Zarówno w łonie matki, jak i po narodzinach, małe dzieci wykonują ruchy nazywane "kopaniem". Ruchy te wydawały się dotąd nie mieć konkretnego celu, jednak najnowsze badania japońskich naukowców wskazują, że jest wprost przeciwnie. Przyjrzeli się oni współdziałaniu układów nerwowego i mięśniowego małych dzieci i stwierdzili, że ruchy te okazują się mieć bardzo ważne zadanie - pomagają dzieciom uczyć się kontroli nad własnym ciałem.
Dzieci wciąż znajdujące się w łonie matki, a także już po narodzinach, regularnie wykonują różnorodne ruchy określane jako "kopanie". Dla ruchów tych, zwłaszcza odczuwanych jeszcze w czasie ciąży, znajdywane były różne wytłumaczenia, nie zostały one jednak dokładniej zbadane. Tymczasem 26 grudnia naukowcy z Uniwersytetu Tokijskiego poinformowali, że po raz pierwszy udało się im ustalić, dlaczego małe dzieci "kopią" i jaki jest sens tych ruchów. Wyniki swoich badań opublikowali na łamach czasopisma naukowego "Proceedings of the National Academy of Sciences" (PNAS).
Dlaczego dzieci kopią
Naukowcy z Uniwersytetu Tokijskiego najpierw komputerowo szczegółowo zarejestrowali ruchy 12 zdrowych noworodków (w wieku poniżej 10 dni) oraz 10 niemowląt (w wieku ok. 3 miesięcy). Następnie opracowali dokładny komputerowy model mięśni i szkieletów dzieci w celu zbadania ich konkretnych aktywności. W ten sposób naukowcy mogli przyjrzeć się komunikacji odbywającej się pomiędzy mięśniami i zmysłami dzieci krótko przed narodzinami i krótko po nich.

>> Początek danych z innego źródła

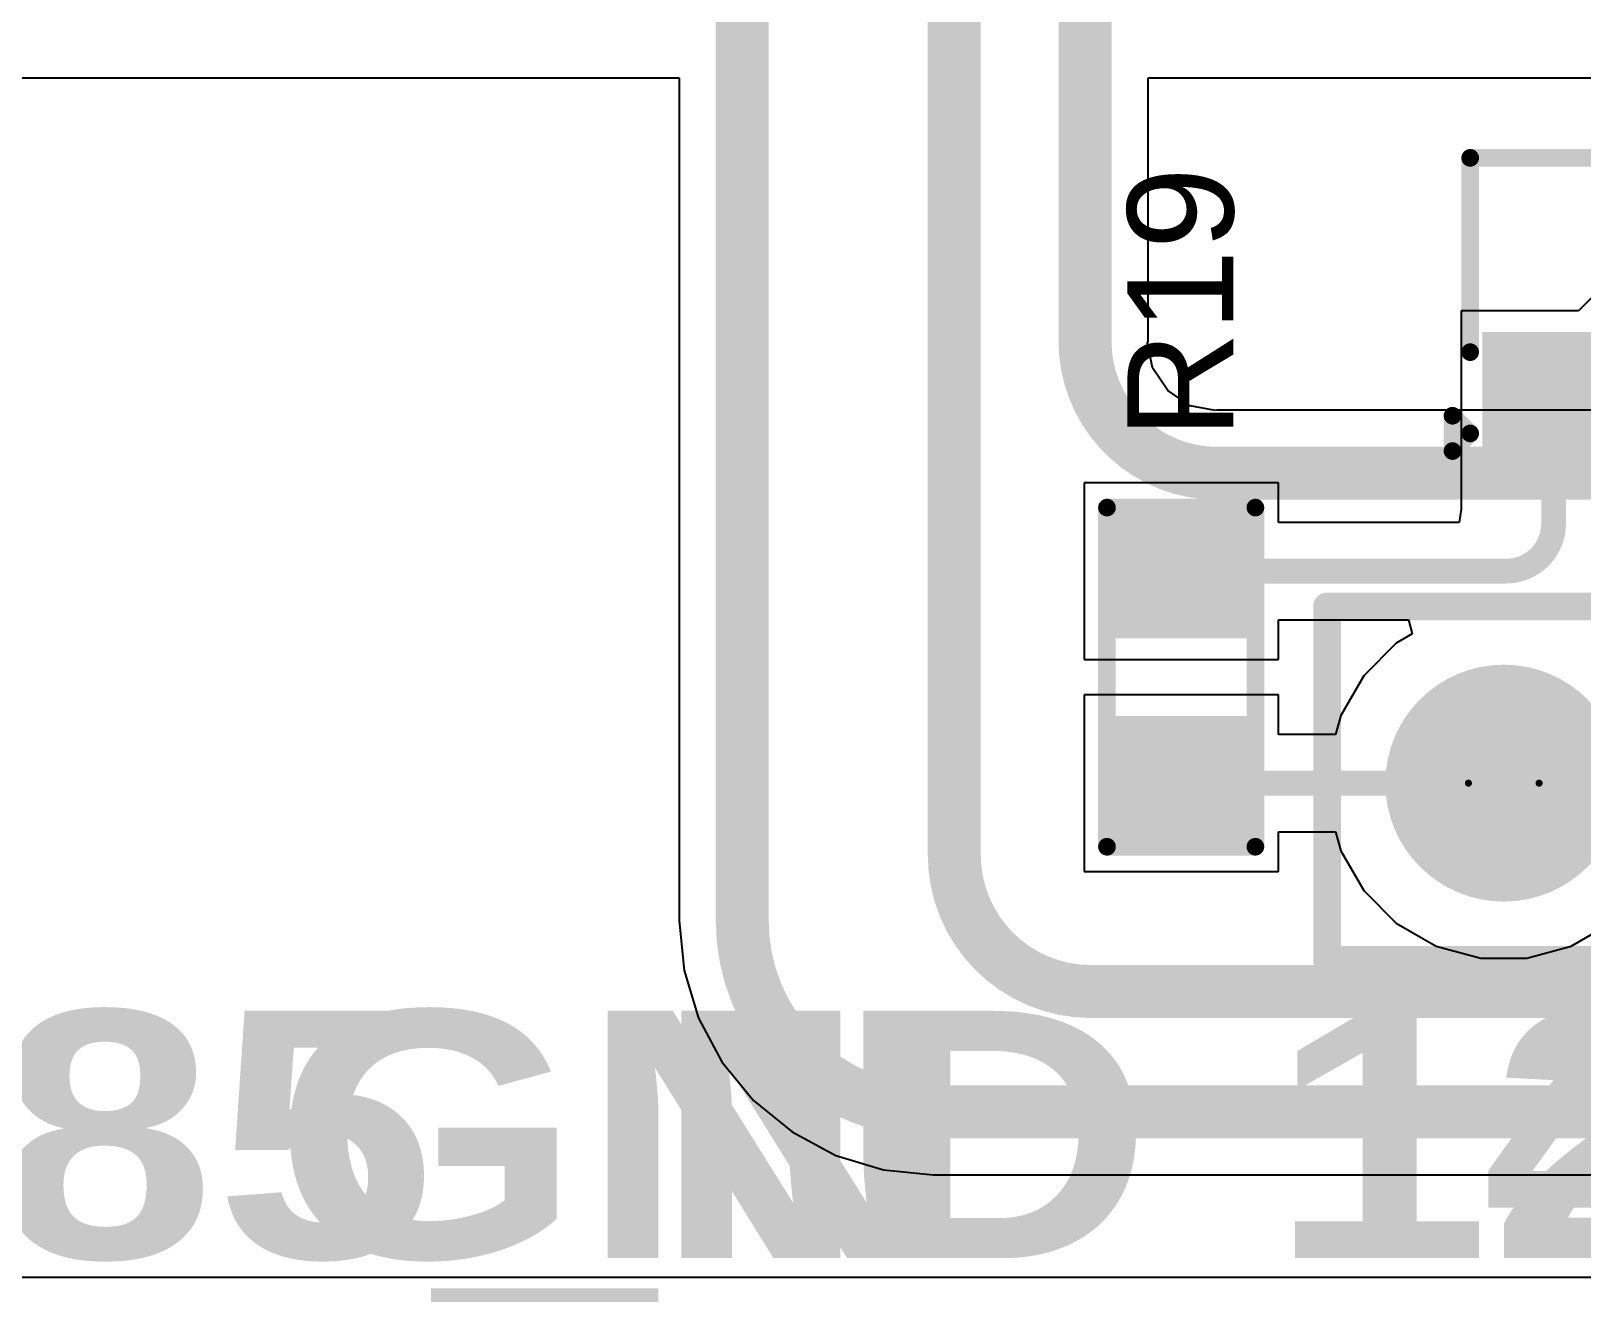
# Model space of a CAD drawing. Header units: inches. Extents: x -25 to 209, y 65 to 158.
# Drawn here: x 6.14 to 17.29, y 79.33 to 88.47 of the extents above; entities that cross this region are included whole.
import ezdxf

# ---------------------------------------------------------------- set-up
doc = ezdxf.new("R2010")
doc.units = ezdxf.units.IN
for name, color, linetype in [('Bottom Layer', 5, 'Continuous'), ('Bottom Solder', 6, 'Continuous'), ('Drill Drawing', 1, 'Continuous'), ('Multi-Layer', 9, 'Continuous'), ('Pad Holes', 156, 'Continuous'), ('Top Layer', 1, 'Continuous'), ('Top Overlay', 2, 'Continuous'), ('Top Paste', 8, 'Continuous'), ('Top Solder', 216, 'Continuous')]:
    doc.layers.add(name, color=color, linetype=linetype)
doc.styles.add('Arial', font='', dxfattribs={"height": 0.2})
doc.styles.add('Arial Black_Bold', font='', dxfattribs={"height": 0.2})
doc.styles.get('Arial').set_extended_font_data('Arial')
doc.styles.get('Arial Black_Bold').set_extended_font_data('Arial Black', bold=True)

# ---------------------------------------------------------------- blocks, each defined once
blk = doc.blocks.new('R___0603_39')
at = {"layer": 'Top Layer'}
for points in [[(-0.3809999999999999, 0.4445), (-0.3809999999999999, -0.4445), (-1.143, -0.4445), (-1.143, 0.4445)], [(1.143, 0.4445), (1.143, -0.4445), (0.3809999999999999, -0.4445), (0.3809999999999999, 0.4445)]]:
    blk.add_hatch(color=1, dxfattribs=at).paths.add_polyline_path(points)
at = {"layer": 'Top Paste'}
for points in [[(-0.3809999999999999, 0.4445), (-0.3809999999999999, -0.4445), (-1.143, -0.4445), (-1.143, 0.4445)], [(1.143, 0.4445), (1.143, -0.4445), (0.3809999999999999, -0.4445), (0.3809999999999999, 0.4445)]]:
    blk.add_hatch(color=8, dxfattribs=at).paths.add_polyline_path(points)
at = {"layer": 'Top Solder'}
for points in [[(-0.2794, 0.5460999999999999), (-0.2794, -0.5460999999999999), (-1.2446, -0.5460999999999999), (-1.2446, 0.5460999999999999)], [(1.2446, 0.5460999999999999), (1.2446, -0.5460999999999999), (0.2794, -0.5460999999999999), (0.2794, 0.5460999999999999)]]:
    blk.add_hatch(color=216, dxfattribs=at).paths.add_polyline_path(points)
at = {"layer": 'Top Overlay'}
for points in [[(1.2192, 0.5334, 0.127, 0.127, 0), (-1.2192, 0.5334, 0.127, 0.127, 0)], [(-1.2192, -0.5334, 0.127, 0.127, 0), (-1.2192, 0.5334, 0.127, 0.127, 0)], [(1.2192, -0.5334, 0.127, 0.127, 0), (1.2192, 0.5334, 0.127, 0.127, 0)], [(1.2192, -0.5334, 0.127, 0.127, 0), (-1.2192, -0.5334, 0.127, 0.127, 0)]]:
    blk.add_lwpolyline(points, format="xyseb", dxfattribs=at)
for points in [[(-1.25095, 0.5334, 0.0635, 0.0635, 1), (-1.18745, 0.5334, 0.0635, 0.0635, 1)], [(-1.25095, 0.5334, 0.0635, 0.0635, 1), (-1.18745, 0.5334, 0.0635, 0.0635, 1)], [(1.18745, 0.5334, 0.0635, 0.0635, 1), (1.25095, 0.5334, 0.0635, 0.0635, 1)], [(1.18745, 0.5334, 0.0635, 0.0635, 1), (1.25095, 0.5334, 0.0635, 0.0635, 1)], [(-1.25095, -0.5334, 0.0635, 0.0635, 1), (-1.18745, -0.5334, 0.0635, 0.0635, 1)], [(-1.25095, -0.5334, 0.0635, 0.0635, 1), (-1.18745, -0.5334, 0.0635, 0.0635, 1)], [(1.18745, -0.5334, 0.0635, 0.0635, 1), (1.25095, -0.5334, 0.0635, 0.0635, 1)], [(1.18745, -0.5334, 0.0635, 0.0635, 1), (1.25095, -0.5334, 0.0635, 0.0635, 1)]]:
    blk.add_lwpolyline(points, format="xyseb", close=True, dxfattribs=at)
blk = doc.blocks.new('HDR1X2__63')
at = {"layer": 'Bottom Layer'}
blk.add_hatch(color=5, dxfattribs=at).paths.add_polyline_path([(-0.74999977, 0.74999977), (0.74999977, 0.74999977), (0.74999977, -0.74999977), (-0.74999977, -0.74999977)])
h = blk.add_hatch(color=5, dxfattribs=at)
edge = h.paths.add_edge_path()
edge.add_arc((2.54, 0), 0.7499985, 0, 360)
at = {"layer": 'Bottom Solder'}
blk.add_hatch(color=6, dxfattribs=at).paths.add_polyline_path([(-0.85159977, 0.85159977), (0.85159977, 0.85159977), (0.85159977, -0.85159977), (-0.85159977, -0.85159977)])
h = blk.add_hatch(color=6, dxfattribs=at)
edge = h.paths.add_edge_path()
edge.add_arc((2.54, 0), 0.8515985, 0, 360)
at = {"layer": 'Multi-Layer'}
blk.add_hatch(color=9, dxfattribs=at).paths.add_polyline_path([(-0.74999977, 0.74999977), (0.74999977, 0.74999977), (0.74999977, -0.74999977), (-0.74999977, -0.74999977)])
h = blk.add_hatch(color=9, dxfattribs=at)
edge = h.paths.add_edge_path()
edge.add_arc((2.54, 0), 0.7499985, 0, 360)
at = {"layer": 'Pad Holes'}
h = blk.add_hatch(color=7, dxfattribs=at)
edge = h.paths.add_edge_path()
edge.add_arc((0, 0), 0.4499991, 0, 360)
h = blk.add_hatch(color=7, dxfattribs=at)
edge = h.paths.add_edge_path()
edge.add_arc((2.54, 0), 0.4499991, 0, 360)
at = {"layer": 'Top Layer'}
blk.add_hatch(color=1, dxfattribs=at).paths.add_polyline_path([(-0.74999977, 0.74999977), (0.74999977, 0.74999977), (0.74999977, -0.74999977), (-0.74999977, -0.74999977)])
h = blk.add_hatch(color=1, dxfattribs=at)
edge = h.paths.add_edge_path()
edge.add_arc((2.54, 0), 0.7499985, 0, 360)
at = {"layer": 'Top Solder'}
blk.add_hatch(color=216, dxfattribs=at).paths.add_polyline_path([(-0.85159977, 0.85159977), (0.85159977, 0.85159977), (0.85159977, -0.85159977), (-0.85159977, -0.85159977)])
h = blk.add_hatch(color=216, dxfattribs=at)
edge = h.paths.add_edge_path()
edge.add_arc((2.54, 0), 0.8515985, 0, 360)
at = {"layer": 'Top Overlay'}
for points in [[(3.81, 1.27, 0.1999996, 0.1999996, 0), (-1.27, 1.27, 0.1999996, 0.1999996, 0)], [(-1.27, 1.27, 0.1999996, 0.1999996, 0), (-1.27, -1.27, 0.1999996, 0.1999996, 0)], [(3.81, 1.27, 0.1999996, 0.1999996, 0), (3.81, -1.27, 0.1999996, 0.1999996, 0)], [(3.81, -1.27, 0.1999996, 0.1999996, 0), (-1.27, -1.27, 0.1999996, 0.1999996, 0)]]:
    blk.add_lwpolyline(points, format="xyseb", dxfattribs=at)
for points in [[(-1.3199999, 1.27, 0.0999998, 0.0999998, 1), (-1.2200001, 1.27, 0.0999998, 0.0999998, 1)], [(-1.3199999, 1.27, 0.0999998, 0.0999998, 1), (-1.2200001, 1.27, 0.0999998, 0.0999998, 1)], [(3.7600001, 1.27, 0.0999998, 0.0999998, 1), (3.8599999, 1.27, 0.0999998, 0.0999998, 1)], [(3.7600001, 1.27, 0.0999998, 0.0999998, 1), (3.8599999, 1.27, 0.0999998, 0.0999998, 1)], [(-1.3199999, -1.27, 0.0999998, 0.0999998, 1), (-1.2200001, -1.27, 0.0999998, 0.0999998, 1)], [(-1.3199999, -1.27, 0.0999998, 0.0999998, 1), (-1.2200001, -1.27, 0.0999998, 0.0999998, 1)], [(3.7600001, -1.27, 0.0999998, 0.0999998, 1), (3.8599999, -1.27, 0.0999998, 0.0999998, 1)], [(3.7600001, -1.27, 0.0999998, 0.0999998, 1), (3.8599999, -1.27, 0.0999998, 0.0999998, 1)]]:
    blk.add_lwpolyline(points, format="xyseb", close=True, dxfattribs=at)
blk = doc.blocks.new('SOT_23_66')
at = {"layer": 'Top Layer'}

Dotychczasowe badania dostrzegały w niektórych zachowaniach dzieci ruchy charakterystyczne dla określonych zadań, takich jak chodzenie czy sięganie po coś. Ustalenia japońskich naukowców potwierdzają tymczasem teorię, że niemowlęta także dzięki ruchom niemającym żadnego jasnego celu i niezwiązanym z jakimkolwiek zadaniem poprawiają swoje zdolności koordynacji czuciowo-ruchowej, czyli sensomotorykę. Inaczej mówiąc, spontaniczne ruchy, które pozornie "wydają się nie mieć konkretnego celu", w rzeczywistości mają ważne zadanie: pomagają dzieciom nauczyć się kontrolować swoje ciało.
"Powszechnie zakładano, że rozwój sensomotoryki zależy od występowania powtarzających się interakcji sensomotorycznych, co oznacza, że im częściej wykonujesz tę samą czynność, tym bardziej prawdopodobne jest, że się jej nauczysz i zapamiętasz" - stwierdził jeden z autorów badań, Hoshinori Kanazawa z Uniwersytetu Tokijskiego.
Jak jednak dodał, wyniki ostatnich badań "sugerują, że niemowlęta rozwijają swój własny system sensomotoryczny w oparciu o zachowania eksploracyjne (niesłużące zaspokojeniu żadnej konkretnej potrzeby poza potrzebą poznawczą - red.) lub ciekawość, więc nie powtarzają po prostu tej samej czynności, ale cały ich wachlarz". Japońscy badacze ustalili przy tej okazji związek pomiędzy wczesnymi, spontanicznymi ruchami wykonywanymi przez dzieci a spontaniczną aktywnością ich neuronów odpowiedzialnych za kontrolowanie poszczególnych mięśni.
Leczenie małych dzieci
Zespół badawczy podkreśla, że lepsze zrozumienie rozwoju sensomotoryki dzieci może pomóc we wcześniejszym diagnozowaniu oraz skuteczniejszym leczeniu zaburzeń neurodegeneracyjnych, czyli dotyczących układu nerwowego, takich jak m.in. stwardnienie rozsiane czy porażenie mózgowe. Obecnie, podkreślają badacze, wiedza na temat tego, jak noworodki i niemowlęta uczą się poruszać swoim ciałem, jest ograniczona.